* Prompt: Repeat exactly the lines that run from the start of the records below to the line with "from ezdxf.enums import", including both of those lines but not the pictures.

######

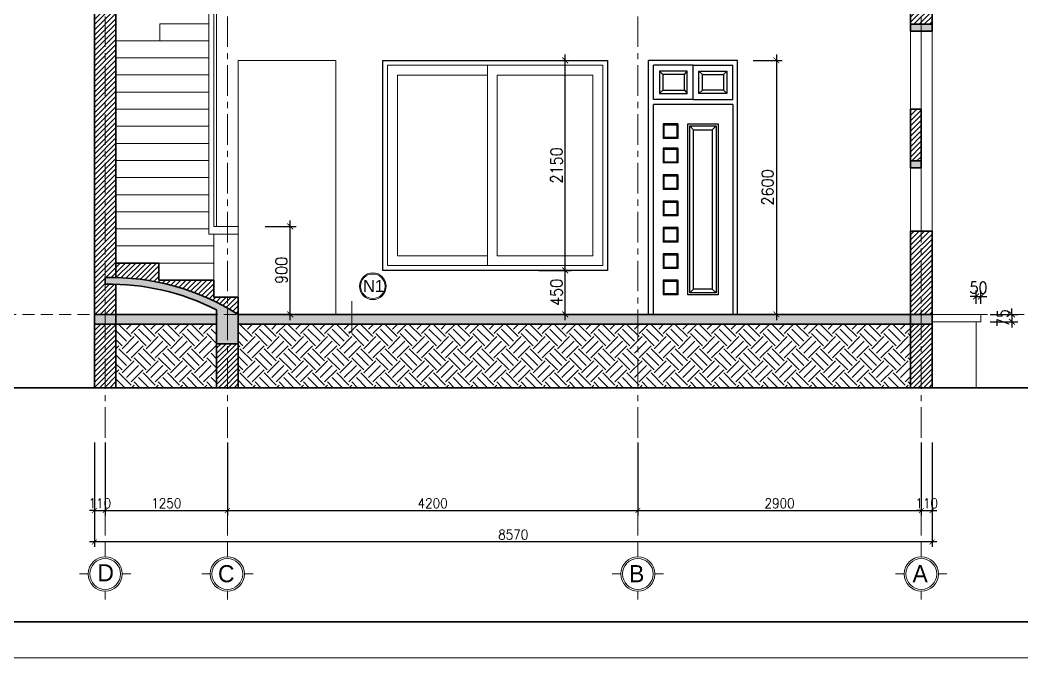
# Model space of a CAD drawing. Header units: millimetres. Extents: x -529782 to -142003, y -492574 to -273331.
# Drawn here: x -213044 to -202793, y -412168 to -405639 of the extents above; entities that cross this region are included whole.
import ezdxf
from ezdxf.enums import TextEntityAlignment as Align

# ---------------------------------------------------------------- set-up
doc = ezdxf.new("R2010")
doc.units = ezdxf.units.MM
doc.header["$LTSCALE"] = 500
doc.header["$MEASUREMENT"] = 0
doc.header["$PDMODE"] = 3
doc.linetypes.add('CENTER', pattern=[2, 1.25, -0.25, 0.25, -0.25])
doc.linetypes.add('HIDDEN', pattern=[0.375, 0.25, -0.125])
doc.layers.get('0').update_dxf_attribs({"linetype": 'CONTINUOUS', "lineweight": 13})
doc.layers.get('Defpoints').update_dxf_attribs({"color": 255, "linetype": 'CONTINUOUS', "lineweight": 13})
for name, color, linetype, lineweight in [('1.cat 30', 30, 'CONTINUOUS', 35), ('1.cot', 2, 'CONTINUOUS', 35), ('2.thay 145', 145, 'CONTINUOUS', 18), ('3.manh 08', 8, 'CONTINUOUS', 9), ('4.dim 08', 8, 'CONTINUOUS', 13), ('5.noi that 15', 15, 'CONTINUOUS', 9), ('6.khuat 75', 75, 'HIDDEN', 18), ('7.tim 67', 67, 'CENTER', 9), ('8.vat lieu 08', 8, 'CONTINUOUS', 5), ('9.text \xad white', 7, 'CONTINUOUS', 15), ('CA.thay 145', 145, 'CONTINUOUS', 18), ('CA.vat lieu 08', 8, 'CONTINUOUS', 5)]:
    doc.layers.add(name, color=color, linetype=linetype, lineweight=lineweight)
for name, color, linetype in [('CUA', 115, 'CONTINUOUS'), ('DKT', 7, 'CONTINUOUS'), ('MANH', 5, 'CONTINUOUS'), ('MANH1', 155, 'CONTINUOUS'), ('THAY', 7, 'CONTINUOUS')]:
    doc.layers.add(name, color=color, linetype=linetype)
doc.styles.add('CA.JSC1', font='')
doc.styles.get("Standard").update_dxf_attribs({"font": 'txt.shx', "width": 0.9})
doc.styles.get('CA.JSC1').set_extended_font_data('.VnAvantH')
doc.dimstyles.new('CA 50', dxfattribs={"dimscale": 0, "dimtxt": 100, "dimasz": 50, "dimexe": 50, "dimexo": 0, "dimgap": 25, "dimtad": 1, "dimdec": 0, "dimzin": 0, "dimdsep": 46, "dimtxsty": 'Standard', "dimblk": 'ARCHTICK', "dimcen": 0.09, "dimdle": 50, "dimclrd": 256, "dimclre": 256, "dimclrt": 7, "dimadec": 0, "dimazin": 0, "dimtfac": 1, "dimtdec": 0, "dimtix": 1, "dimtmove": 2, "dimatfit": 3, "dimldrblk": 'DOT', "dimfxl": 1, "dimtolj": 1, "dimtzin": 0, "dimarcsym": 0})
doc.dimstyles.new('CA 60', dxfattribs={"dimscale": 0, "dimtxt": 120, "dimasz": 60, "dimexe": 60, "dimexo": 0, "dimgap": 30, "dimtad": 1, "dimdec": 0, "dimzin": 0, "dimdsep": 46, "dimtxsty": 'Standard', "dimblk": 'ARCHTICK', "dimcen": 0.09, "dimdle": 60, "dimclrd": 256, "dimclre": 256, "dimclrt": 7, "dimadec": 0, "dimazin": 0, "dimtfac": 1, "dimtdec": 0, "dimtix": 1, "dimtmove": 2, "dimatfit": 3, "dimldrblk": 'DOT', "dimfxl": 1, "dimtolj": 1, "dimtzin": 0, "dimarcsym": 0})
pattern_1 = [(45, (61988.33702381066, 0), (-26.51650429449553, 26.51650429449553), [])]

# ---------------------------------------------------------------- blocks, each defined once
blk = doc.blocks.new('jhgj')
at = {"layer": 'CUA'}
for p, q in [((-410.0000000000582, 310.0000000002328), (-410.0000000002328, 660.0000859868592)), ((-5.000000000174623, 660.0000859868592), (-410.0000000002328, 660.0000859868592)), ((-5.000000000174623, 660.0000859868592), (399.9999999999418, 660.0000859868592)), ((-5.000000000058208, 310.0000000002328), (-5.000000000174623, 660.0000859868592)), ((-5.000000000058208, 310.0000000002328), (-5.000000000174623, 660.0000859868592)), ((400.0000000000582, 310.0000000002328), (399.9999999999418, 660.0000859868592)), ((-5.000000000058208, 310.0000000002328), (-410.0000000000582, 310.0000000002328)), ((-5.000000000058208, 310.0000000002328), (400.0000000000582, 310.0000000002328)), ((400.0000000000582, 260.0000000002328), (-410.0000000000582, 260.0000000002328)), ((-410.0000000001164, -1889.99991401314), (-410.0000000000582, 260.0000000002328)), ((400.0000000000582, 260.0000000002328), (400.0000000000582, -1889.99991401314)), ((-310.0000000000582, 60.00000000011642), (-310.0000000000582, -89.99999999988358)), ((-160.0000000000582, 60.00000000011642), (-160.0000000000582, -89.99999999988358)), ((-310.0000000000582, -189.9999140127911), (-310.0000000000582, -339.9999140129075)), ((-160.0000000000582, -189.9999140129075), (-160.0000000000582, -339.9999140129075)), ((-310.0000000000582, -459.9999140129075), (-310.0000000000582, -609.9999140129075)), ((-160.0000000000582, -459.9999140129075), (-160.0000000000582, -609.9999140129075)), ((-310.0000000001746, -729.9999140129075), (-310.0000000001746, -879.9999140129075)), ((-160.0000000001746, -729.9999140129075), (-160.0000000001746, -879.9999140129075)), ((-310.0000000001746, -999.9999140129075), (-310.0000000001746, -1149.999914012908)), ((-160.0000000001746, -999.9999140129075), (-160.0000000001746, -1149.999914012908)), ((-310.0000000001746, -1269.999914012908), (-310.0000000001746, -1419.999914013024)), ((-160.0000000001746, -1269.999914013024), (-160.0000000001746, -1419.999914013024)), ((-310.0000000001746, -1539.999914013024), (-310.0000000001746, -1689.999914013024)), ((-160.0000000001746, -1539.999914013024), (-160.0000000001746, -1689.99991401314))]:
    blk.add_line(p, q, dxfattribs=at)
at = {"layer": 'CUA', "linetype": 'Continuous', "ltscale": 50}
for p, q in [((-160.0000000000582, 60.00000000011642), (-310.0000000000582, 60.00000000011642)), ((0, 0), (-40, 40.00000000011642)), ((190.0000000000582, 1.164153218269348e-10), (230.0000000000582, 40.00000000011642)), ((-160.0000000000582, -89.99999999988358), (-310.0000000000582, -89.99999999988358)), ((-160.0000000000582, -189.9999140129075), (-310.0000000000582, -189.9999140127911)), ((-160.0000000000582, -339.9999140129075), (-310.0000000000582, -339.9999140129075)), ((-160.0000000000582, -459.9999140129075), (-310.0000000000582, -459.9999140129075)), ((-160.0000000000582, -609.9999140129075), (-310.0000000000582, -609.9999140129075)), ((-160.0000000001746, -729.9999140129075), (-310.0000000001746, -729.9999140129075)), ((-160.0000000001746, -879.9999140129075), (-310.0000000001746, -879.9999140129075)), ((-160.0000000001746, -999.9999140129075), (-310.0000000001746, -999.9999140129075)), ((-160.0000000001746, -1149.999914012908), (-310.0000000001746, -1149.999914012908)), ((-160.0000000001746, -1269.999914013024), (-310.0000000001746, -1269.999914012908)), ((-160.0000000001746, -1419.999914013024), (-310.0000000001746, -1419.999914013024)), ((-160.0000000001746, -1539.999914013024), (-310.0000000001746, -1539.999914013024)), ((0, -1629.999914013024), (-40, -1669.99991401314)), ((190.0000000000582, -1629.999914013024), (230.0000000000582, -1669.99991401314)), ((-160.0000000001746, -1689.99991401314), (-310.0000000001746, -1689.999914013024))]:
    blk.add_line(p, q, dxfattribs=at)
at = {"layer": 'CUA'}
for points in [[(-60, 60.00000000011642), (250.0000000000582, 60.00000000011642), (250.0000000000582, -1689.99991401314), (-60, -1689.99991401314)], [(-40, 40.00000000011642), (230.0000000000582, 40.00000000011642), (230.0000000000582, -1669.99991401314), (-40, -1669.99991401314)]]:
    blk.add_lwpolyline(points, close=True, dxfattribs=at)
at = {"layer": 'MANH'}
for points in [[(-315.0000000000582, 405.0000000002328), (-92, 405.0000000002328), (-92.00000000023283, 565.0000859868592), (-315.0000000002328, 565.0000859868592)], [(305.0000000001164, 405.0000000001164), (89.99999999994179, 405.0000000002328), (89.99999999988358, 565.0000859868592), (304.9999999998836, 565.0000859868592)], [(-170.0000000000582, -79.99999999988358), (-300.0000000000582, -79.99999999988358), (-300.0000000000582, 50.00000000011642), (-170.0000000000582, 50.00000000011642)], [(0, 0), (190.0000000000582, 1.164153218269348e-10), (190.0000000000582, -1629.99991401314), (0, -1629.99991401314)], [(-170.0000000000582, -329.9999140129075), (-300.0000000000582, -329.9999140129075), (-300.0000000000582, -199.9999140127911), (-170.0000000000582, -199.9999140127911)], [(-170.0000000000582, -599.9999140129075), (-300.0000000000582, -599.9999140129075), (-300.0000000000582, -469.9999140129075), (-170.0000000000582, -469.9999140129075)], [(-170.0000000001746, -869.9999140129075), (-300.0000000001746, -869.9999140129075), (-300.0000000001746, -739.9999140129075), (-170.0000000001746, -739.9999140129075)], [(-170.0000000001746, -1139.999914012908), (-300.0000000001746, -1139.999914012908), (-300.0000000001746, -1009.999914012908), (-170.0000000001746, -1009.999914012908)], [(-170.0000000001746, -1409.999914013024), (-300.0000000001746, -1409.999914013024), (-300.0000000001746, -1279.999914012908), (-170.0000000001746, -1279.999914012908)], [(-170.0000000001746, -1679.99991401314), (-300.0000000001746, -1679.99991401314), (-300.0000000001746, -1549.999914013024), (-170.0000000001746, -1549.999914013024)]]:
    blk.add_lwpolyline(points, close=True, dxfattribs=at)
at = {"layer": 'MANH1', "linetype": 'HIDDEN', "ltscale": 1000}
for p, q in [((-315.0000000002328, 565.0000859868592), (-350.0000000002328, 600.0000859868592)), ((-92.00000000023283, 565.0000859868592), (-65.00000000029104, 600.0000859868592)), ((89.99999999988358, 565.000085986801), (54.99999999988358, 600.0000859868592)), ((304.9999999998836, 565.0000859868592), (339.9999999998836, 600.0000859868592)), ((-315.0000000000582, 405.0000000002328), (-350.0000000000582, 370.0000000002328)), ((-92, 405.0000000002328), (-65.00000000005821, 370.0000000002328)), ((90.00000000005821, 405.0000000002328), (54.99999999994179, 370.0000000002328)), ((305.0000000000582, 405.0000000001164), (340.0000000001164, 370.0000000001164))]:
    blk.add_line(p, q, dxfattribs=at)
for points in [[(-350.0000000000582, 370.0000000002328), (-65.00000000005821, 370.0000000002328), (-65.00000000029104, 600.0000859868592), (-350.0000000002328, 600.0000859868592)], [(340.0000000001164, 370.0000000001164), (54.99999999994179, 370.0000000002328), (54.99999999988358, 600.0000859868592), (339.9999999998836, 600.0000859868592)]]:
    blk.add_lwpolyline(points, close=True, dxfattribs=at)
at = {"layer": 'THAY'}
for p, q in [((450, 710.0000859868592), (-460.0000000003492, 710.0000859868592)), ((-460, -1889.99991401314), (-460.0000000003492, 710.0000859868592)), ((450, -1889.99991401314), (450, 710.0000859868592)), ((-460, -1889.99991401314), (450, -1889.99991401314))]:
    blk.add_line(p, q, dxfattribs=at)
blk = doc.blocks.new('khung co loan')
at = {"layer": '1.cat 30'}
blk.add_lwpolyline([(1158.281703106128, -14553.47590842255), (1158.281703106128, -303.4759079545038), (20658.28170374641, -303.4759079545038), (20658.28170374641, -14553.47590842255)], close=True, dxfattribs=at)
at = {"layer": '3.manh 08'}
blk.add_lwpolyline([(0, -14850.00000048772), (21000.00000000023, -14850.00000048772), (21000.00000000023, -4.877219907939434e-07), (0, -4.877219907939434e-07)], close=True, dxfattribs=at)
blk = doc.blocks.new('_ArchTick')
at = {"color": 1, "linetype": 'ByBlock', "const_width": 0.150000081}
blk.add_lwpolyline([(-0.5000002699998731, -0.5000002699998731), (0.5000002699998731, 0.5000002699998731)], dxfattribs=at)
blk = doc.blocks.new('*D144')
at = {"layer": '4.dim 08', "lineweight": -2, "transparency": 16777216}
for p, q in [((-207735.6629761893, -408202), (-207405.1629761893, -408202)), ((-207465.1629761893, -408711.9999999999), (-207465.1629761893, -408142)), ((-207735.6629761893, -408651.9999999999), (-207405.1629761893, -408651.9999999999))]:
    blk.add_line(p, q, dxfattribs=at)
at = {"layer": 'Defpoints', "color": 0, "transparency": 16777216}
for p in [(-207735.6629761893, -408202), (-207465.1629761893, -408202), (-207735.6629761893, -408651.9999999999)]:
    blk.add_point(p, dxfattribs=at)
at = {"layer": '4.dim 08', "lineweight": -2, "transparency": 16777216, "xscale": 60, "yscale": 60, "zscale": 60}
for p, rotation in [((-207465.1629761893, -408202), 90), ((-207465.1629761893, -408651.9999999999), 270)]:
    blk.add_blockref('_ArchTick', p, dxfattribs=dict(at, rotation=rotation))
at = {"layer": '4.dim 08', "color": 7, "transparency": 16777216, "insert": (-207555.1629761893, -408427), "char_height": 120, "attachment_point": 5, "rotation": 90}
blk.add_mtext('\\A1;450', dxfattribs=at)
blk = doc.blocks.new('_DOT')
at = {"color": 1, "linetype": 'ByBlock'}
blk.add_line((-0.5, 0), (-1, 0), dxfattribs=at)
at = {"color": 1, "linetype": 'ByBlock', "const_width": 0.5}
blk.add_lwpolyline([(-0.25, 0, 1), (0.25, 0, 1)], format="xyb", close=True, dxfattribs=at)
blk = doc.blocks.new('*D145')
at = {"layer": '4.dim 08', "lineweight": -2, "transparency": 16777216}
for p, q in [((-207735.6629761893, -406052.4999570061), (-207405.1629761893, -406052.4999570061)), ((-207465.1629761893, -408262), (-207465.1629761893, -405992.4999570061)), ((-207735.6629761893, -408202), (-207405.1629761893, -408202))]:
    blk.add_line(p, q, dxfattribs=at)
at = {"layer": 'Defpoints', "color": 0, "transparency": 16777216}
for p in [(-207735.6629761893, -406052.4999570061), (-207465.1629761893, -406052.4999570061), (-207735.6629761893, -408202)]:
    blk.add_point(p, dxfattribs=at)
at = {"layer": '4.dim 08', "lineweight": -2, "transparency": 16777216, "xscale": 60, "yscale": 60, "zscale": 60}
for p, rotation in [((-207465.1629761893, -406052.4999570061), 90), ((-207465.1629761893, -408202), 270)]:
    blk.add_blockref('_ArchTick', p, dxfattribs=dict(at, rotation=rotation))
at = {"layer": '4.dim 08', "color": 7, "transparency": 16777216, "insert": (-207555.1629761893, -407127.2499785031), "char_height": 120, "attachment_point": 5, "rotation": 90}
blk.add_mtext('\\A1;2150', dxfattribs=at)
blk = doc.blocks.new('*D146')
at = {"layer": '4.dim 08', "lineweight": -2, "transparency": 16777216}
for p, q in [((-205542.6629761893, -406052.4999570063), (-205245.1629761893, -406052.4999570063)), ((-205305.1629761893, -405992.4999570063), (-205305.1629761893, -408712)), ((-205542.6629761893, -408652), (-205245.1629761893, -408652))]:
    blk.add_line(p, q, dxfattribs=at)
at = {"layer": 'Defpoints', "color": 0, "transparency": 16777216}
for p in [(-205542.6629761893, -406052.4999570063), (-205542.6629761893, -408652), (-205305.1629761893, -408652)]:
    blk.add_point(p, dxfattribs=at)
at = {"layer": '4.dim 08', "lineweight": -2, "transparency": 16777216, "xscale": 60, "yscale": 60, "zscale": 60}
for p, rotation in [((-205305.1629761893, -406052.4999570063), 90), ((-205305.1629761893, -408652), 270)]:
    blk.add_blockref('_ArchTick', p, dxfattribs=dict(at, rotation=rotation))
at = {"layer": '4.dim 08', "color": 7, "transparency": 16777216, "insert": (-205395.1629761893, -407352.2499785032), "char_height": 120, "attachment_point": 5, "rotation": 90}
blk.add_mtext('\\A1;2600', dxfattribs=at)
blk = doc.blocks.new('*D152')
at = {"layer": '4.dim 08', "lineweight": -2, "transparency": 16777216}
for p, q in [((-210279.6629761897, -408711.9999999997), (-210279.6629761897, -407691.9999999996)), ((-210536.1629761897, -407751.9999999996), (-210219.6629761897, -407751.9999999996)), ((-210536.1629761897, -408651.9999999997), (-210219.6629761897, -408651.9999999997))]:
    blk.add_line(p, q, dxfattribs=at)
at = {"layer": 'Defpoints', "color": 0, "transparency": 16777216}
for p in [(-210536.1629761897, -407751.9999999996), (-210279.6629761897, -407751.9999999996), (-210536.1629761897, -408651.9999999997)]:
    blk.add_point(p, dxfattribs=at)
at = {"layer": '4.dim 08', "lineweight": -2, "transparency": 16777216, "xscale": 60, "yscale": 60, "zscale": 60}
for p, rotation in [((-210279.6629761897, -407751.9999999996), 90), ((-210279.6629761897, -408651.9999999997), 270)]:
    blk.add_blockref('_ArchTick', p, dxfattribs=dict(at, rotation=rotation))
at = {"layer": '4.dim 08', "color": 7, "transparency": 16777216, "insert": (-210369.6629761896, -408201.9999999997), "char_height": 120, "attachment_point": 5, "rotation": 90}
blk.add_mtext('\\A1;900', dxfattribs=at)
blk = doc.blocks.new('*D157')
at = {"layer": '4.dim 08', "lineweight": -2, "transparency": 16777216}
for p, q in [((-202895.6629761893, -408651.9999999999), (-202895.6629761893, -408591.9999999999)), ((-203117.6629761893, -408651.9999999999), (-202835.6629761893, -408651.9999999999)), ((-202895.6629761893, -408651.9999999999), (-202895.6629761893, -408727)), ((-203117.6629761893, -408727), (-202835.6629761893, -408727)), ((-202895.6629761893, -408727), (-202895.6629761893, -408787))]:
    blk.add_line(p, q, dxfattribs=at)
at = {"layer": 'Defpoints', "color": 0, "transparency": 16777216}
for p in [(-203117.6629761893, -408651.9999999999), (-203117.6629761893, -408727), (-202895.6629761893, -408727)]:
    blk.add_point(p, dxfattribs=at)
at = {"layer": '4.dim 08', "lineweight": -2, "transparency": 16777216, "xscale": 60, "yscale": 60, "zscale": 60}
for p, rotation in [((-202895.6629761893, -408651.9999999999), 270), ((-202895.6629761893, -408727), 90)]:
    blk.add_blockref('_ArchTick', p, dxfattribs=dict(at, rotation=rotation))
at = {"layer": '4.dim 08', "color": 7, "transparency": 16777216, "insert": (-202985.6629761893, -408689.5), "char_height": 120, "attachment_point": 5, "rotation": 90}
blk.add_mtext('\\A1;75', dxfattribs=at)
blk = doc.blocks.new('*D158')
at = {"layer": '4.dim 08', "lineweight": -2, "transparency": 16777216}
for p, q in [((-203262.6629761895, -408542.5), (-203262.6629761895, -408408.5)), ((-203212.6629761895, -408542.5), (-203212.6629761895, -408408.5)), ((-203262.6629761895, -408468.5), (-203322.6629761895, -408468.5)), ((-203262.6629761895, -408468.5), (-203212.6629761895, -408468.5)), ((-203212.6629761895, -408468.5), (-203152.6629761895, -408468.5))]:
    blk.add_line(p, q, dxfattribs=at)
at = {"layer": 'Defpoints', "color": 0, "transparency": 16777216}
for p in [(-203212.6629761895, -408468.5), (-203262.6629761895, -408542.5), (-203212.6629761895, -408542.5)]:
    blk.add_point(p, dxfattribs=at)
at = {"layer": '4.dim 08', "lineweight": -2, "transparency": 16777216, "xscale": 60, "yscale": 60, "zscale": 60}
blk.add_blockref('_ArchTick', (-203262.6629761895, -408468.5), dxfattribs=at)
at = {"layer": '4.dim 08', "lineweight": -2, "transparency": 16777216, "xscale": 60, "yscale": 60, "zscale": 60, "rotation": 180}
blk.add_blockref('_ArchTick', (-203212.6629761895, -408468.5), dxfattribs=at)
at = {"layer": '4.dim 08', "color": 7, "transparency": 16777216, "insert": (-203237.6629761895, -408378.5), "char_height": 120, "attachment_point": 5}
blk.add_mtext('\\A1;50', dxfattribs=at)
blk = doc.blocks.new('A$C41BA5761')
at = {"layer": '2.thay 145'}
blk.add_lwpolyline([(839.9994073519047, 524.9998310285737, -3898660.642287513), (839.9994073521084, 525.0001542164828, 1.154242490888426e-06), (839.9994073524431, 524.9999926225864, 1.154242490888426e-06)], format="xyb", dxfattribs=at)
at = {"layer": '3.manh 08'}
for p, q in [((524.9994049160159, 1050.000159478077), (524.9994049160159, 875.0001713204256)), ((174.9994048396911, 525.0001523148676), (-0.000583361616008915, 525.0001523148676)), ((874.9994049923262, 525.0001523148676), (1049.999393193633, 525.0001523148676)), ((524.9994049160159, 0.0001831847475841641), (524.9994049160159, 175.000171342399))]:
    blk.add_line(p, q, dxfattribs=at)
blk.add_arc((524.9994049160159, 525.0001713313977), 349.9999999890093, 359.9999968883953, 359.9999381014106, dxfattribs=at)
blk = doc.blocks.new('*D192')
at = {"layer": '4.dim 08', "lineweight": -2, "transparency": 16777216}
for p, q in [((-212282.6629761895, -409962), (-212282.6629761895, -410710)), ((-212172.6629761895, -409962), (-212172.6629761895, -410710)), ((-212282.6629761895, -410660), (-212332.6629761895, -410660)), ((-212282.6629761895, -410660), (-212172.6629761895, -410660)), ((-212172.6629761895, -410660), (-212122.6629761895, -410660))]:
    blk.add_line(p, q, dxfattribs=at)
at = {"layer": 'Defpoints', "color": 0, "transparency": 16777216}
for p in [(-212282.6629761895, -409962), (-212172.6629761895, -409962), (-212172.6629761895, -410660)]:
    blk.add_point(p, dxfattribs=at)
at = {"layer": '4.dim 08', "lineweight": -2, "transparency": 16777216, "xscale": 50, "yscale": 50, "zscale": 50}
blk.add_blockref('_ArchTick', (-212282.6629761895, -410660), dxfattribs=at)
at = {"layer": '4.dim 08', "lineweight": -2, "transparency": 16777216, "xscale": 50, "yscale": 50, "zscale": 50, "rotation": 180}
blk.add_blockref('_ArchTick', (-212172.6629761895, -410660), dxfattribs=at)
at = {"layer": '4.dim 08', "color": 7, "transparency": 16777216, "insert": (-212227.6629761895, -410585), "char_height": 100, "attachment_point": 5}
blk.add_mtext('\\A1;110', dxfattribs=at)
blk = doc.blocks.new('*D193')
at = {"layer": '4.dim 08', "lineweight": -2, "transparency": 16777216}
for p, q in [((-212172.6629761895, -409962), (-212172.6629761895, -410710)), ((-210922.6629761894, -409962), (-210922.6629761894, -410710)), ((-212222.6629761895, -410660), (-210872.6629761894, -410660))]:
    blk.add_line(p, q, dxfattribs=at)
at = {"layer": 'Defpoints', "color": 0, "transparency": 16777216}
for p in [(-212172.6629761895, -409962), (-210922.6629761894, -409962), (-210922.6629761894, -410660)]:
    blk.add_point(p, dxfattribs=at)
at = {"layer": '4.dim 08', "lineweight": -2, "transparency": 16777216, "xscale": 50, "yscale": 50, "zscale": 50, "rotation": 180}
blk.add_blockref('_ArchTick', (-212172.6629761895, -410660), dxfattribs=at)
at = {"layer": '4.dim 08', "lineweight": -2, "transparency": 16777216, "xscale": 50, "yscale": 50, "zscale": 50}
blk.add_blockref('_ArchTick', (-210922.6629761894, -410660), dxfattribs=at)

######

* Output below:
# Model space of a CAD drawing. Header units: millimetres. Extents: x -529782 to -142003, y -492574 to -273331.
# Drawn here: x -213044 to -202793, y -412168 to -405639 of the extents above; entities that cross this region are included whole.
import ezdxf
from ezdxf.enums import TextEntityAlignment as Align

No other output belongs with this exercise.